# Pig Feeder Plans



## GW Farms (May 1, 2006)

I'm looking for pictures of what folks are using as a feeder for their pigs. We use a six foot long trough which works great ..... once you actually get the feed in the trough. The battle comes in getting the feed in the trough without getting wrestled to the ground by the hungry porkers. So we're looking for pictures of what different folks use or plan to use and maybe some comments on what seems to work best for them.


----------



## Feathers-N-Fur (Dec 17, 2007)

We use hot water heaters cut in half length ways. We put them by the fence for the sows for 2 reasons. First, you can feed without actually getting in the pen. Second, if they push each other around too much, they hit the hot wire on the fence. They quickly learn not to be so pushy around their troughs. We currently have 2 halves for the 3 sows. 
The boar has an old stainless steel kitchen sink with a wooden box that it sits in for added weight. 
The 4H piglets have 2 water heater halves that have been raised up about 2 feet off the ground so they work their hams and shoulders when they eat. No hot wire by their feed though.


----------



## Rogo (Jan 1, 2006)

I use horse feeders. The bottom is an inch or two off the ground. I free choice feed and the critters roam free, so it's pretty peaceful around here.


----------



## severtki (Jul 6, 2008)

Any other ideas out there? We have used the round horse feeders -- just set on the ground, but they inevitably flip it over and waste a lot. (We only have two pigs...) Any ideas of how to secure it with an easy release for cleaning?

k


----------



## Jaclynne (May 14, 2002)

We currently use a 4 ft long trough that is made of wood. It is just a V configuration with solid ends that serve as the feet also. It is next to the fence panel. It works for now, but is hard to fill since the pigs are in the way.
I saw a feeder made from a large plastic barrel, set on end and cut out in an L shape.
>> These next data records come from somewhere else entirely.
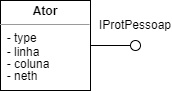

The diagram above was exported from draw.io. Its source (the exported page's mxGraphModel, read from the mxfile embedded in the PNG):
<mxGraphModel dx="496" dy="257" grid="1" gridSize="10" guides="1" tooltips="1" connect="1" arrows="1" fold="1" page="1" pageScale="1" pageWidth="827" pageHeight="1169" math="0" shadow="0">
  <root>
    <mxCell id="0" />
    <mxCell id="1" parent="0" />
    <mxCell id="Sdyrnk4sH8-9dmKBEZ59-13" value="" style="rounded=0;orthogonalLoop=1;jettySize=auto;html=1;endArrow=none;endFill=0;sketch=0;sourcePerimeterSpacing=0;targetPerimeterSpacing=0;exitX=1;exitY=0.5;exitDx=0;exitDy=0;" parent="1" source="677f1vSu3GTc2IqbpXpU-13" target="Sdyrnk4sH8-9dmKBEZ59-15" edge="1">
      <mxGeometry relative="1" as="geometry">
        <mxPoint x="180" y="330" as="sourcePoint" />
      </mxGeometry>
    </mxCell>
    <mxCell id="Sdyrnk4sH8-9dmKBEZ59-15" value="" style="ellipse;whiteSpace=wrap;html=1;align=center;aspect=fixed;resizable=0;points=[];outlineConnect=0;sketch=0;" parent="1" vertex="1">
      <mxGeometry x="240" y="330" width="10" height="10" as="geometry" />
    </mxCell>
    <mxCell id="Sdyrnk4sH8-9dmKBEZ59-18" value="IProtPessoap" style="text;html=1;strokeColor=none;fillColor=none;align=center;verticalAlign=middle;whiteSpace=wrap;rounded=0;" parent="1" vertex="1">
      <mxGeometry x="215" y="300" width="60" height="30" as="geometry" />
    </mxCell>
    <mxCell id="677f1vSu3GTc2IqbpXpU-13" value="&lt;p style=&quot;margin:0px;margin-top:4px;text-align:center;&quot;&gt;&lt;b&gt;Ator&lt;/b&gt;&lt;/p&gt;&lt;hr size=&quot;1&quot;&gt;&lt;div style=&quot;height:2px;&quot;&gt;&amp;nbsp; - type&lt;/div&gt;&lt;div style=&quot;height:2px;&quot;&gt;&lt;span style=&quot;background-color: initial;&quot;&gt;&lt;br&gt;&lt;/span&gt;&lt;/div&gt;&lt;div style=&quot;height:2px;&quot;&gt;&lt;span style=&quot;background-color: initial;&quot;&gt;&amp;nbsp; &amp;nbsp;&lt;/span&gt;&lt;/div&gt;&lt;div style=&quot;height:2px;&quot;&gt;&lt;span style=&quot;background-color: initial;&quot;&gt;&lt;br&gt;&lt;/span&gt;&lt;/div&gt;&lt;div style=&quot;height:2px;&quot;&gt;&lt;span style=&quot;background-color: initial;&quot;&gt;&lt;br&gt;&lt;/span&gt;&lt;/div&gt;&lt;div style=&quot;height:2px;&quot;&gt;&lt;span style=&quot;background-color: initial;&quot;&gt;&lt;br&gt;&lt;/span&gt;&lt;/div&gt;&lt;div style=&quot;height:2px;&quot;&gt;&lt;span style=&quot;background-color: initial;&quot;&gt;&lt;br&gt;&lt;/span&gt;&lt;/div&gt;&lt;div style=&quot;height:2px;&quot;&gt;&lt;span style=&quot;background-color: initial;&quot;&gt;&amp;nbsp; - linha&lt;/span&gt;&lt;/div&gt;&lt;div style=&quot;height:2px;&quot;&gt;&lt;br&gt;&lt;/div&gt;&lt;div style=&quot;height:2px;&quot;&gt;&lt;span style=&quot;background-color: initial;&quot;&gt;&lt;br&gt;&lt;/span&gt;&lt;/div&gt;&lt;div style=&quot;height:2px;&quot;&gt;&lt;span style=&quot;background-color: initial;&quot;&gt;&lt;br&gt;&lt;/span&gt;&lt;/div&gt;&lt;div style=&quot;height:2px;&quot;&gt;&lt;span style=&quot;background-color: initial;&quot;&gt;&lt;br&gt;&lt;/span&gt;&lt;/div&gt;&lt;div style=&quot;height:2px;&quot;&gt;&lt;span style=&quot;background-color: initial;&quot;&gt;&lt;br&gt;&lt;/span&gt;&lt;/div&gt;&lt;div style=&quot;height:2px;&quot;&gt;&lt;span style=&quot;background-color: initial;&quot;&gt;&amp;nbsp; - coluna&lt;/span&gt;&lt;/div&gt;&lt;div style=&quot;height:2px;&quot;&gt;&lt;span style=&quot;background-color: initial;&quot;&gt;&lt;br&gt;&lt;/span&gt;&lt;/div&gt;&lt;div style=&quot;height:2px;&quot;&gt;&lt;span style=&quot;background-color: initial;&quot;&gt;&lt;br&gt;&lt;/span&gt;&lt;/div&gt;&lt;div style=&quot;height:2px;&quot;&gt;&lt;span style=&quot;background-color: initial;&quot;&gt;&lt;br&gt;&lt;/span&gt;&lt;/div&gt;&lt;div style=&quot;height:2px;&quot;&gt;&lt;span style=&quot;background-color: initial;&quot;&gt;&lt;br&gt;&lt;/span&gt;&lt;/div&gt;&lt;div style=&quot;height:2px;&quot;&gt;&lt;span style=&quot;background-color: initial;&quot;&gt;&lt;br&gt;&lt;/span&gt;&lt;/div&gt;&lt;div style=&quot;height:2px;&quot;&gt;&lt;span style=&quot;background-color: initial;&quot;&gt;&amp;nbsp; - neth&lt;/span&gt;&lt;/div&gt;&lt;div style=&quot;height:2px;&quot;&gt;&lt;br&gt;&lt;/div&gt;" style="verticalAlign=top;align=left;overflow=fill;fontSize=12;fontFamily=Helvetica;html=1;" vertex="1" parent="1">
      <mxGeometry x="110" y="290" width="90" height="90" as="geometry" />
    </mxCell>
  </root>
</mxGraphModel>

That leaves a tall back and a 10-12" round bottom. They had attached wood slats up the face of the back so you have a shute of sorts. The feeder is placed outside the fence panel with the lower round bowel area inside. That makes it half way inside on bottom round part and the tall shute is outside the fence. You can then pour feed thru the shute with getting mauled, splashed and nibbled by the pigs. I don't have a pic, but will look for one. We are building one next days off, so I'll take pics then.

Halo


----------



## bluedog (Mar 20, 2008)

yes i would like to see a pic of the feeder.


----------



## sagecreek (Sep 3, 2004)

Bump, since I'm getting a couple of pigs in a few weeks and I'm looking for ideas.


----------



## Shawhee (Jun 19, 2008)

I cut a plastic barrel in half - sort of like the water heater idea above. I wired it to the fence - I can easily tip it and spray it out if I need to. And I can pour feed over the fence easily.


----------



## farmmom (Jan 4, 2009)

severtki said:


> Any other ideas out there? We have used the round horse feeders -- just set on the ground, but they inevitably flip it over and waste a lot. (We only have two pigs...) Any ideas of how to secure it with an easy release for cleaning?
> 
> k


Find a tire to put it in. Depending on the diameter, you would have to find the right size tire.


----------



## karenbrat1 (Jun 25, 2009)

Are you feeding commercial feed? If so get a metal self feeder from your farm store and tie it to the fence. Put a 50 lb sack in and forget about it til the next time to fill it.


----------



## Hildymarie (Aug 16, 2009)

We have the 4 foot long v shaped trough made from 2x12's as described above. There are 2 pieces of 2x4 on top that divide the trough into 3 parts so one cant 'hog' the whole trough. There are 2 piggers.
We have it up near the fence which is actually pallets, and we can reach over and dump the food in the two ends and they generally each go on their respective ends. Of course they switch several times during feeding to make sure the other isnt getting something better than they are. At one point they managed to break one end and we had to pull it out to fix it and temporarily used a couple of those large rubber bowls to dump their feed in. Originally we used them for water before they got big and before we set up their waterer. The fun part is getting them back. They root them around and play with them and they end up in the middle of the pen. 
Anything else they end up using as a toy and even the trough if pushed out too far, will end up way out of reach and we have to go in and get it. These are critters that flip cement blocks with their noses like they were nothing.


----------



## stifflej (Aug 11, 2008)

You can see a pic of the grain feeder I built at the thread below. it is 42"x42"x42"H, holds about 400lbs, and feeds 8 pigs.

http://homesteadingtoday.com/showthread.php?t=322021


----------



## T Rice (Oct 6, 2006)

I built mine loosely based on a plan on this website.

http://bioengr.ag.utk.edu/extension/ExtPubs/PlanList97.htm#Swine Plans

Lots of good stuff on there.

TR


----------



## fixer1958 (Dec 12, 2005)

karenbrat1 said:


> Are you feeding commercial feed? If so get a metal self feeder from your farm store and tie it to the fence. Put a 50 lb sack in and forget about it til the next time to fill it.


Thats basically what I did. I didn't buy one, I just looked one over and made one out of plywood. Cost maybe $15 and some time. It's weather proof and holds exactly #100 of feed.

I have it ratchet strapped to a huge ag tire that is 4' tall on it's side.
You can tell when it get's low because you can hear them slamming the lid and if I wait to long they knock it loose somehow and roll it down the hill.

It must be pretty stout because they haven't tore it up yet.

My camera doesn't like me anymore or I would post a pic.


----------